Gerimis
sudah berhenti sejak sore. Satu per satu lampu-lampu hias mulai bersinar
seperti pasukan perang yang mengangkat pedangnya memantulkan sinar rembulan.
Silau. Beberapa orang pedagang mulai membuka lapak diikuti banyak yang lain. Alas
plastik digelar di atas jalanan becek, ditumpuk dengan berbagai sandang pangan
perhiasan atau sekedar koran. Generator-generator mulai ditarik, asap kada
ng
mengepul dari mesin-mesin usang berkarat itu. Tanah parkiran mulai dibentuk
roda-roda ketertarikan manusia. Bersama keluarga, bersama teman, berharap kesenangan
hanya untuk semalam.
Pasar
malam resmi dibuka.
Para
tuan memilih duduk di lapak koran bekas, atau sepatu necis.
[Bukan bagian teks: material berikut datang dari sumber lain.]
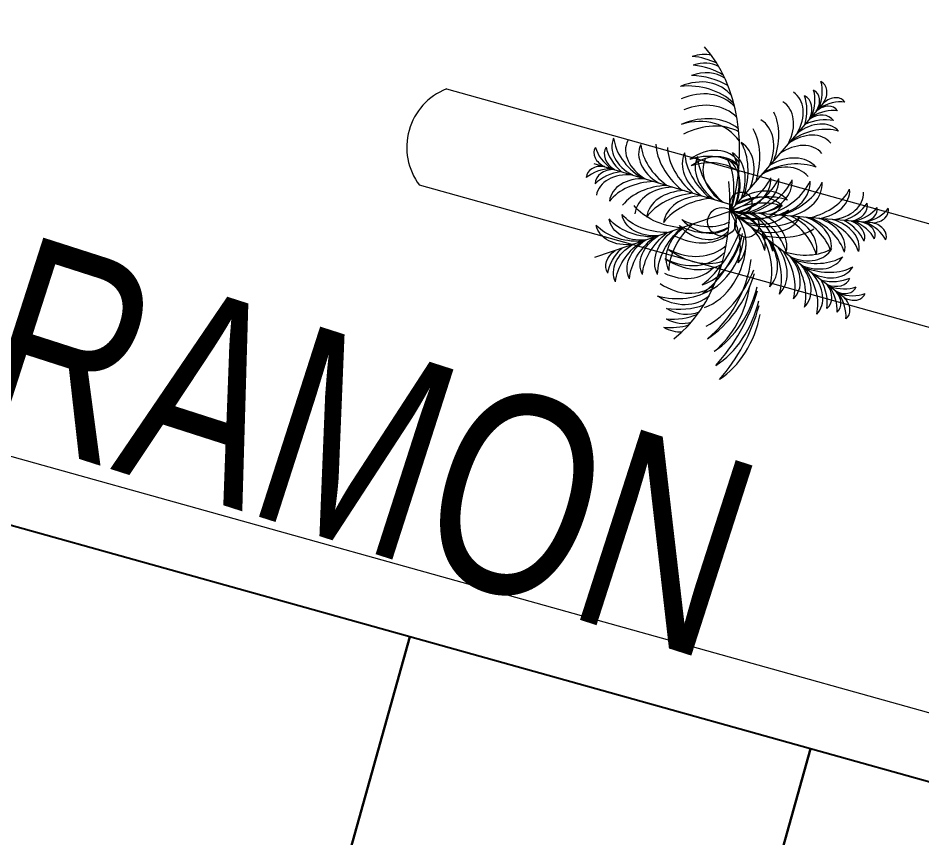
# Model space of a CAD drawing. Header units: millimetres. Extents: x 474016 to 477875, y 2288607 to 2292200.
# Drawn here: x 474311.72 to 474338.87, y 2288952.84 to 2288977.47 of the extents above; entities that cross this region are included whole.
import ezdxf
from ezdxf.enums import TextEntityAlignment as Align

# ---------------------------------------------------------------- set-up
doc = ezdxf.new("R2010")
doc.units = ezdxf.units.MM
doc.header["$LTSCALE"] = 50
for name, color, linetype, lineweight in [('BANQUETA', 251, 'Continuous', 5), ('JARDIN-HP', 64, 'Continuous', 5), ('JARDINES', 98, 'Continuous', 13), ('vialidad', 5, 'Continuous', 13)]:
    doc.layers.add(name, color=color, linetype=linetype, lineweight=lineweight)
doc.layers.add('CVL_LOTIF', color=1, linetype='Continuous')
doc.styles.get("Standard").update_dxf_attribs({"font": 'arial.ttf'})

# ---------------------------------------------------------------- blocks, each defined once
blk = doc.blocks.new('A$C41BB26E9')
at = {"color": 0}
for p in [(1.999, 1.925), (3.251, -3.539)]:
    blk.add_line(p, (2.054, -0.938), dxfattribs=at)
at = {"color": 56}
for p, q in [((3.546, 1.506), (2.054, -0.938)), ((-0.293, 0.701), (2.054, -0.938)), ((1.382, -3.752), (1.923, -0.941))]:
    blk.add_line(p, q, dxfattribs=at)
for centre, radius in [((2.303, -0.578), 0.243), ((1.869, -0.738), 0.217), ((2.284, -1.082), 0.287)]:
    blk.add_circle(centre, radius)
at = {"color": 56, "true_color": 0x7a7a00}
for centre, major_axis, ratio, start_param, end_param in [((1.739, 1.845), (-0.007, 0.369), 0.723404, -1.366779, 0.20531), ((1.417, 1.375), (-0.018, 0.909), 0.723404, -1.121531, -0.433471), ((2.262, 1.855), (-0.007, 0.369), 0.723404, -0.20531, 1.366779), ((2.602, 1.398), (-0.018, 0.909), 0.723404, 0.433471, 1.121531), ((1.743, 1.62), (-0.007, 0.369), 0.723404, -1.366779, 0.20531), ((2.266, 1.63), (-0.007, 0.369), 0.723404, -0.20531, 1.366779), ((2.606, 1.173), (-0.018, 0.909), 0.723404, 0.433471, 1.121531), ((1.695, 1.314), (-0.009, 0.47), 0.723404, -1.190837, 0.194817), ((1.421, 1.15), (-0.018, 0.909), 0.723404, -1.121531, -0.433471), ((2.326, 1.326), (-0.009, 0.47), 0.723404, -0.194817, 1.190837), ((2.76, 1.355), (0.473, 0.776), 0.723404, -1.121531, -0.433471), ((3.283, 1.579), (0.192, 0.315), 0.723404, -1.366779, 0.20531), ((1.473, 0.902), (-0.015, 0.782), 0.723404, -1.305586, 0.091225), ((1.346, 0.731), (-0.022, 1.114), 0.723404, -0.994705, -0.373636), ((2.697, 0.758), (-0.022, 1.114), 0.723404, 0.373636, 0.994705), ((2.564, 0.923), (-0.015, 0.782), 0.723404, -0.091225, 1.305586), ((2.925, 0.425), (-0.026, 1.348), 0.723404, 0.312027, 1.166602), ((3.166, 1.386), (0.192, 0.315), 0.723404, -1.366779, 0.20531), ((2.642, 1.163), (0.473, 0.776), 0.723404, -1.121531, -0.433471), ((3.73, 1.306), (0.192, 0.315), 0.723404, -0.20531, 1.366779), ((2.593, 0.594), (-0.016, 0.83), 0.723404, -0.110756, 1.24346), ((2.552, 0.926), (0.407, 0.667), 0.723404, -1.305586, 0.091225), ((1.99, 0.678), (0.702, 1.151), 0.723404, -1.166602, -0.312027), ((2.961, 1.155), (0.245, 0.401), 0.723404, -1.190837, 0.194817), ((2.354, 0.85), (0.58, 0.951), 0.723404, -0.994705, -0.373636), ((3.613, 1.114), (0.192, 0.315), 0.723404, -0.20531, 1.366779), ((3.771, 0.738), (0.473, 0.776), 0.723404, 0.433471, 1.121531), ((1.457, 0.572), (-0.016, 0.83), 0.723404, -1.24346, 0.110756), ((1.116, 0.031), (-0.027, 1.414), 0.723404, -1.115718, -0.281779), ((2.954, 0.066), (-0.027, 1.414), 0.723404, 0.281779, 1.115718), ((2.361, 0.656), (0.432, 0.708), 0.723404, -1.24346, 0.110756), ((1.784, 0.383), (0.737, 1.208), 0.723404, -1.115718, -0.281779), ((3.5, 0.826), (0.245, 0.401), 0.723404, -0.194817, 1.190837), ((3.654, 0.546), (0.473, 0.776), 0.723404, 0.433471, 1.121531), ((-0.082, 0.873), (-0.303, 0.211), 0.723404, -0.20531, 1.366779), ((0.487, 0.878), (-0.745, 0.52), 0.723404, 0.433471, 1.121531), ((2.599, 0.32), (-0.016, 0.83), 0.723404, -0.110756, 1.24346), ((2.96, -0.208), (-0.027, 1.414), 0.723404, 0.281779, 1.115718), ((2.219, 0.422), (0.432, 0.708), 0.723404, -1.24346, 0.110756), ((1.641, 0.149), (0.737, 1.208), 0.723404, -1.115718, -0.281779), ((3.484, 0.358), (0.407, 0.667), 0.723404, -0.091225, 1.305586), ((3.508, 0.147), (0.58, 0.951), 0.723404, 0.373636, 0.994705), ((0.102, 0.744), (-0.303, 0.211), 0.723404, -0.20531, 1.366779), ((0.672, 0.75), (-0.745, 0.52), 0.723404, 0.433471, 1.121531), ((0.383, 0.614), (-0.385, 0.269), 0.723404, -0.194817, 1.190837), ((1.061, 0.579), (-0.913, 0.638), 0.723404, 0.373636, 0.994705), ((0.849, 0.569), (-0.641, 0.447), 0.723404, -0.091225, 1.305586), ((1.464, 0.568), (-1.105, 0.772), 0.723404, 0.312027, 1.166602), ((1.133, 0.399), (-0.68, 0.475), 0.723404, -0.110756, 1.24346), ((3.332, 0.064), (0.432, 0.708), 0.723404, -0.110756, 1.24346), ((3.521, -0.256), (0.702, 1.151), 0.723404, 0.312027, 1.166602), ((-0.382, 0.443), (-0.303, 0.211), 0.723404, -1.366779, 0.20531), ((1.357, 0.242), (-0.68, 0.475), 0.723404, -0.110756, 1.24346), ((1.38, -0.167), (-0.02, 1.008), 0.723404, -1.13012, 0.094138), ((1.008, -0.803), (-0.033, 1.69), 0.723404, -1.023266, -0.261161), ((2.699, -0.141), (-0.02, 1.008), 0.723404, -0.094138, 1.13012), ((3.095, -0.763), (-0.033, 1.69), 0.723404, 0.261161, 1.023266), ((1.118, -0.469), (0.88, 1.443), 0.723404, -1.023266, -0.261161), ((3.353, -0.575), (0.737, 1.208), 0.723404, 0.281779, 1.115718), ((-0.191, -0.093), (-0.745, 0.52), 0.723404, -1.121531, -0.433471), ((-0.197, 0.314), (-0.303, 0.211), 0.723404, -1.366779, 0.20531), ((-0.006, -0.222), (-0.745, 0.52), 0.723404, -1.121531, -0.433471), ((1.789, 0.052), (-0.827, 0.577), 0.723404, -0.094138, 1.13012), ((2.525, 0.007), (-1.386, 0.967), 0.723404, 0.261161, 1.023266), ((1.988, -0.087), (-0.827, 0.577), 0.723404, -0.094138, 1.13012), ((1.385, -0.41), (-0.02, 1.008), 0.723404, -1.13012, 0.094138), ((1.013, -1.046), (-0.033, 1.69), 0.723404, -1.023266, -0.261161), ((3.21, -0.808), (0.737, 1.208), 0.723404, 0.281779, 1.115718), ((3.189, -0.169), (0.432, 0.708), 0.723404, -0.110756, 1.24346), ((0.224, -0.326), (-0.641, 0.447), 0.723404, -1.305586, 0.091225), ((0.022, 0.096), (-0.385, 0.269), 0.723404, -1.190837, 0.194817), ((0.288, -0.529), (-0.913, 0.638), 0.723404, -0.994705, -0.373636), ((1.586, -0.44), (0.525, 0.861), 0.723404, -1.13012, 0.094138), ((0.93, -0.777), (0.88, 1.443), 0.723404, -1.023266, -0.261161), ((3.026, -0.612), (0.525, 0.861), 0.723404, -0.094138, 1.13012), ((0.482, -0.534), (-0.68, 0.475), 0.723404, -1.24346, 0.110756), ((1.391, -0.77), (-0.02, 1.008), 0.723404, -1.13012, 0.094138), ((1.02, -1.406), (-0.033, 1.69), 0.723404, -1.023266, -0.261161), ((2.505, -0.448), (-0.827, 0.577), 0.723404, -0.094138, 1.13012), ((3.24, -0.493), (-1.386, 0.967), 0.723404, 0.261161, 1.023266), ((1.445, -0.67), (0.525, 0.861), 0.723404, -1.13012, 0.094138), ((0.79, -1.007), (0.88, 1.443), 0.723404, -1.023266, -0.261161), ((2.71, -0.744), (-0.02, 1.008), 0.723404, -0.094138, 1.13012), ((3.107, -1.365), (-0.033, 1.69), 0.723404, 0.261161, 1.023266), ((2.9, -0.819), (0.525, 0.861), 0.723404, -0.094138, 1.13012), ((3.026, -1.349), (0.88, 1.443), 0.723404, 0.261161, 1.023266), ((1.397, -1.04), (-0.02, 1.008), 0.723404, -1.13012, 0.094138), ((2.638, -0.541), (-0.827, 0.577), 0.723404, -0.094138, 1.13012), ((3.373, -0.586), (-1.386, 0.967), 0.723404, 0.261161, 1.023266), ((1.361, -0.809), (0.525, 0.861), 0.723404, -1.13012, 0.094138), ((0.705, -1.146), (0.88, 1.443), 0.723404, -1.023266, -0.261161), ((2.716, -1.014), (-0.02, 1.008), 0.723404, -0.094138, 1.13012), ((2.9, -1.556), (0.88, 1.443), 0.723404, 0.261161, 1.023266), ((0.944, -1.284), (-1.16, 0.81), 0.723404, -1.115718, -0.281779), ((1.034, -1.03), (-0.827, 0.577), 0.723404, -1.13012, 0.094138), ((1.025, -1.676), (-0.033, 1.69), 0.723404, -1.023266, -0.261161), ((1.4, -1.202), (-0.02, 1.008), 0.723404, -1.13012, 0.094138), ((3.112, -1.635), (-0.033, 1.69), 0.723404, 0.261161, 1.023266), ((2.719, -1.176), (-0.02, 1.008), 0.723404, -0.094138, 1.13012), ((3.115, -1.797), (-0.033, 1.69), 0.723404, 0.261161, 1.023266), ((3.704, -2.103), (-2.624, 0.637), 0.714286, 4.179349, 4.820469), ((4.122, -1.283), (-1.534, 0.372), 0.714286, 3.888492, 4.926001), ((1.028, -1.838), (-0.033, 1.69), 0.723404, -1.023266, -0.261161), ((2.716, -1.653), (-1.879, 0.456), 0.714286, 3.806569, 4.639337), ((3.47, -1.48), (-1.656, 0.402), 0.714286, 3.88992, 4.86288), ((3.29, -2.282), (-2.814, 0.683), 0.714286, 4.170125, 4.780311), ((3.78, -1.381), (-1.599, 0.388), 0.714286, 3.86745, 4.883323), ((1.528, -1.375), (-0.827, 0.577), 0.723404, -1.13012, 0.094138), ((2.487, -1.496), (0.525, 0.861), 0.723404, -0.094138, 1.13012), ((2.952, -1.39), (-1.112, 0.27), 0.714286, 3.627505, 5.149011), ((3.161, -1.824), (-1.864, 0.452), 0.714286, 3.982805, 4.982914), ((3.658, -1.569), (-1.56, 0.378), 0.714286, 4.003422, 4.972752), ((1.824, -2.05), (-1.386, 0.967), 0.723404, -1.023266, -0.261161), ((1.883, -1.622), (-0.827, 0.577), 0.723404, -1.13012, 0.094138), ((2.487, -2.233), (0.88, 1.443), 0.723404, 0.261161, 1.023266), ((2.098, -2.039), (-1.864, 0.452), 0.714286, 3.982805, 4.744909), ((2.508, -1.48), (-1.112, 0.27), 0.714286, 3.627505, 4.912474), ((2.265, -2.005), (-1.864, 0.452), 0.714286, 3.982805, 4.744909), ((2.675, -1.447), (-1.112, 0.27), 0.714286, 3.627505, 4.993486), ((1.939, -1.971), (-1.507, 0.812), 0.72, -0.270525, 0.729584), ((1.834, -1.504), (-0.899, 0.484), 0.72, -0.281097, 1.084884), ((2.046, -2.205), (-1.386, 0.967), 0.723404, -1.023266, -0.261161), ((1.96, -1.46), (-0.899, 0.484), 0.72, -0.200085, 1.084884), ((2.619, -1.732), (-1.507, 0.812), 0.72, -0.03252, 0.729584), ((2.178, -2.298), (-1.386, 0.967), 0.723404, -1.023266, -0.261161), ((2.745, -1.688), (-1.507, 0.812), 0.72, -0.03252, 0.729584), ((1.154, -1.911), (-1.293, 0.697), 0.72, -0.170934, 0.844939), ((2.016, -1.667), (-1.52, 0.819), 0.72, 0.073052, 0.90582), ((0.804, -1.812), (1.484, 0.855), 0.72, -0.729584, 0.03252), ((1.582, -1.562), (0.885, 0.51), 0.72, -1.084884, 0.200085), ((0.931, -1.853), (1.484, 0.855), 0.72, -0.729584, 0.03252), ((1.71, -1.602), (0.885, 0.51), 0.72, -1.084884, 0.281097), ((1.144, -1.921), (1.484, 0.855), 0.72, -0.729584, 0.12698), ((1.426, -2.011), (1.484, 0.855), 0.72, -0.729584, 0.213498), ((1.617, -2.072), (1.484, 0.855), 0.72, -0.729584, 0.270525), ((1.531, -1.771), (1.496, 0.862), 0.72, -0.90582, -0.073052), ((1.643, -1.929), (1.52, 0.876), 0.72, -0.831119, 0.049618), ((1.981, -2.43), (-2.379, 1.282), 0.72, 0.051792, 0.431948), ((0.867, -1.982), (-1.241, 0.668), 0.72, -0.213612, 0.823897), ((1.917, -2.392), (-2.123, 1.143), 0.72, -0.10808, 0.53304), ((1.033, -0.039), (0.319, 1.659), 0.723404, 3.402754, 4.164858), ((1.322, -0.57), (0.19, 0.99), 0.723404, 3.047455, 4.271712), ((2.401, -1.99), (1.273, 0.733), 0.72, -0.844939, 0.170934), ((1.652, -2.492), (2.089, 1.203), 0.72, -0.53304, 0.10808), ((2.69, -2.053), (1.221, 0.704), 0.72, -0.823897, 0.213612), ((1.482, -2.459), (-2.105, 1.134), 0.72, 0.016555, 0.382187), ((0.429, -1.859), (-1.012, 0.545), 0.72, 0.006837, 0.780102), ((0.982, -0.304), (0.319, 1.659), 0.723404, 3.402754, 4.164858), ((1.292, -0.729), (0.19, 0.99), 0.723404, 3.047455, 4.271712), ((3.032, -0.698), (0.319, 1.659), 0.723404, 2.118327, 2.880431), ((1.589, -2.532), (2.342, 1.349), 0.72, -0.431948, -0.051792), ((3.123, -1.917), (0.996, 0.574), 0.72, -0.780102, -0.006837), ((2.089, -2.546), (2.072, 1.193), 0.72, -0.382187, -0.016555), ((1.309, -2.496), (-2.105, 1.134), 0.72, 0.093724, 0.382187), ((0.097, -1.885), (-0.877, 0.472), 0.72, 0.078285, 0.75224), ((1.241, -0.994), (0.19, 0.99), 0.723404, 3.047455, 4.271712), ((2.536, -1.243), (0.19, 0.99), 0.723404, 2.011473, 3.235731), ((3.456, -1.934), (0.863, 0.497), 0.72, -0.75224, -0.078285), ((2.262, -2.578), (2.072, 1.193), 0.72, -0.382187, -0.093724), ((-0.076, -1.922), (-0.877, 0.472), 0.72, 0.267806, 0.75224), ((0.914, -0.658), (0.319, 1.659), 0.723404, 3.402754, 4.164858), ((2.964, -1.052), (0.319, 1.659), 0.723404, 2.118327, 2.880431), ((3.63, -1.966), (0.863, 0.497), 0.72, -0.75224, -0.267806), ((0.868, -0.896), (0.319, 1.659), 0.723404, 3.402754, 4.164858), ((2.468, -1.597), (0.19, 0.99), 0.723404, 2.011473, 3.235731), ((2.422, -1.835), (0.19, 0.99), 0.723404, 2.011473, 3.235731), ((0.885, -1.467), (0.267, 1.389), 0.723404, 3.423371, 4.25731), ((2.691, -1.814), (0.267, 1.389), 0.723404, 2.025875, 2.859814), ((1.129, -2.058), (0.157, 0.815), 0.723404, 3.030837, 4.385053), ((2.639, -2.083), (0.267, 1.389), 0.723404, 2.025875, 2.859814), ((1.077, -2.327), (0.157, 0.815), 0.723404, 3.030837, 4.385053), ((2.193, -2.542), (0.157, 0.815), 0.723404, 1.898132, 3.252348), ((0.788, -2.093), (0.255, 1.324), 0.723404, 3.45362, 4.308195), ((1.037, -2.655), (0.148, 0.768), 0.723404, 3.050367, 4.447179), ((2.109, -2.861), (0.148, 0.768), 0.723404, 1.836006, 3.232818), ((0.941, -2.466), (0.21, 1.094), 0.723404, 3.515228, 4.136297), ((2.268, -2.721), (0.21, 1.094), 0.723404, 2.146888, 2.767957), ((0.944, -2.891), (0.172, 0.893), 0.723404, 3.575063, 4.263123), ((2.108, -3.115), (0.172, 0.893), 0.723404, 2.020062, 2.708122), ((1.806, -3.218), (0.089, 0.462), 0.723404, 1.950755, 3.33641), ((1.181, -3.408), (0.07, 0.363), 0.723404, 2.936283, 4.508372), ((1.695, -3.507), (0.07, 0.363), 0.723404, 1.774814, 3.346903)]:
    blk.add_ellipse(centre, major_axis=major_axis, ratio=ratio, start_param=start_param, end_param=end_param, dxfattribs=at)
at = {"color": 56}
for centre, major_axis, ratio, start_param, end_param in [((3.011, -1.71), (-1.909, 0.463), 0.714286, 3.88127, 4.762007), ((2.383, -4.345), (-3.881, 2.091), 0.72, -1.122445, -0.180287), ((1.75, -1.53), (-0.827, 0.577), 0.723404, -1.13012, 0.094138), ((1.425, -1.854), (-1.339, 0.721), 0.72, -0.150491, 0.822469), ((1.909, -1.829), (-1.544, 0.832), 0.72, -0.049618, 0.831119), ((2.147, -2.08), (1.242, 0.715), 0.72, -0.708967, 0.260363), ((1.186, -3.099), (0.089, 0.462), 0.723404, 2.946776, 4.33243)]:
    blk.add_ellipse(centre, major_axis=major_axis, ratio=ratio, start_param=start_param, end_param=end_param, dxfattribs=at)
at = {"color": 0}
for centre, major_axis, ratio, start_param, end_param in [((1.529, -1.844), (-1.386, 0.967), 0.723404, -1.023266, -0.261161), ((1.242, -4.458), (3.82, 2.201), 0.72, 0.180287, 1.122445)]:
    blk.add_ellipse(centre, major_axis=major_axis, ratio=ratio, start_param=start_param, end_param=end_param, dxfattribs=at)
at = {"color": 56, "true_color": 0x7a7a00, "extrusion": (0, 0, -1)}
for centre, major_axis, start_param, end_param in [((2.966, -0.422), (-0.706, 1.535), 3.402754, 4.164858), ((1.171, -1.515), (-0.706, 1.535), 2.118327, 2.880431), ((2.88, -1.154), (-0.421, 0.916), 3.047455, 4.271712), ((3.068, -0.643), (-0.706, 1.535), 3.402754, 4.164858), ((1.517, -1.97), (-0.591, 1.285), 2.025875, 2.859814), ((2.981, -1.375), (-0.421, 0.916), 3.047455, 4.271712), ((3.187, -1.201), (-0.591, 1.285), 3.423371, 4.25731), ((2.059, -2.309), (-0.347, 0.754), 1.898132, 3.252348), ((3.092, -1.834), (-0.347, 0.754), 3.030837, 4.385053), ((1.632, -2.219), (-0.591, 1.285), 2.025875, 2.859814), ((3.302, -1.45), (-0.591, 1.285), 3.423371, 4.25731), ((2.174, -2.557), (-0.347, 0.754), 1.898132, 3.252348), ((1.802, -2.536), (-0.563, 1.225), 1.974991, 2.829566), ((3.206, -2.082), (-0.347, 0.754), 3.030837, 4.385053), ((3.432, -1.787), (-0.563, 1.225), 3.45362, 4.308195), ((2.332, -2.848), (-0.327, 0.71), 1.836006, 3.232818), ((3.324, -2.392), (-0.327, 0.71), 3.050367, 4.447179), ((3.372, -2.185), (-0.465, 1.012), 3.515228, 4.136297), ((3.285, -2.858), (-0.196, 0.427), 2.946776, 4.33243)]:
    blk.add_ellipse(centre, major_axis=major_axis, ratio=0.723404, start_param=start_param, end_param=end_param, dxfattribs=at)

msp = doc.modelspace()

# ---------------------------------------------------------------- linework, layer by layer
at = {"layer": 'BANQUETA'}
msp.add_line((474214.299, 2288991.46), (474408.635, 2288937.164), dxfattribs=at)
at = {"layer": 'CVL_LOTIF'}
for points in [[(474323.487, 2288958.877), (474311.448, 2288962.241), (474304.721, 2288938.163), (474316.76, 2288934.799)], [(474335.526, 2288955.514), (474323.487, 2288958.877), (474316.76, 2288934.799), (474328.799, 2288931.436)], [(474347.565, 2288952.15), (474335.526, 2288955.514), (474328.799, 2288931.436), (474340.838, 2288928.072)]]:
    msp.add_lwpolyline(points, close=True, dxfattribs=at)
at = {"layer": 'JARDINES'}
for points in [[(474324.585, 2288975.339, 0.495612), (474323.777, 2288972.449)], [(474324.585, 2288975.339), (474408.608, 2288951.863, -0.388075), (474407.801, 2288948.974), (474323.777, 2288972.449)]]:
    msp.add_lwpolyline(points, format="xyb", dxfattribs=at)

# ---------------------------------------------------------------- block references
at = {"layer": 'JARDIN-HP', "color": 8, "xscale": 1.499999999826813, "yscale": 1.499999999826813, "zscale": 1.499999999826813, "rotation": 264.1650244915651}
msp.add_blockref('A$C41BB26E9', (474334.824, 2288974.592), dxfattribs=at)

# ---------------------------------------------------------------- texts
at = {"layer": 'vialidad', "color": 5, "lineweight": 13, "width": 0.75}
msp.add_text('SENDERO RAMON', height=6, rotation=342.1812, dxfattribs=at).set_placement((474306.583, 2288969.62), align=Align.MIDDLE)

doc.saveas('drawing.dxf')

Para nyonya melirik
baju murah meriah, berharap sang tuan bertindak peka. Para orang tua mengawasi
anak-anaknya, berlari-lari sambil tertawa riang, mencoba tiap wahana sambil
berlompatan.
Dia
berdiri mematung di depan komedi putar yang sedang membawa anak-anak yang duduk
di komedi putar sambil menggoyang-goyangkan kepala ke kanan dan ke kiri.
Bahagia. Pasti.
“Ini
malam ke empat belas.” aku memberanikan diri menghampirinya, tangannya
bersedekap, matanya memandang lurus ke depan, tatapan yang sama. Ia tersenyum
kecil mendengarku, dengan tatapan mata yang sama.
“Mau
berapa kali lagi kamu menghitung?” dia bertanya, pertanyaan yang tidak
mengharap jawaban.
“Sampai
kamu berhenti berdiri dan setidaknya naik.” kataku sambil menatap lurus kepada
komedi putar itu juga.
“Kamu
tahu kenapa namanya komedi putar?” pertanyaan yang membuatku menengok spontan.
“Lihat
mereka.” matanya menunjuk anak-anak yang baru saja turun dari komedi putar,
berlari lincah.
“Mereka
tertawa, bahkan tanpa komik. Mereka berlari memeluk ayah ibu mereka, bahkan tanpa
dinasihati. Mereka minta kembali naik lagi, bahkan lagi tanpa dibujuk.” dia
berkata pelan, wajahnya kembali datar, matanya kembali sayu, mata penuh
penyesalan, bukan, pengharapan.
Kami
berdua diam lagi. Hal yang biasa untuknya diam berjam-jam di depan komedi
putar. Pemilik komedi putar pun memaklumi diamnya.
Wuinggg.................
tiga menit, sudah beberapa kali suara motor gede modifikasi dari tong setan
terdengar ke arah kami. Angin bertiup berlawanan arah dengan tempat kami
berdiri.
“Kalau
begitu kamu naik, sana. Mungkin setelah turun kamu bisa tertawa.” ucapku
membuat wajah polos menatapnya.
“Di antara
sudah terlambat, atau belum saatnya.”
Yang
kuingat terakhir kali adalah senyumnya, lalu dia menghilang di dalam kerumunan
manusia wisatawan pasar. Dan lampu-lampu hias itu berhenti berkelip dan mati,
bagai pasukan yang kehabisan pedang di medan perang.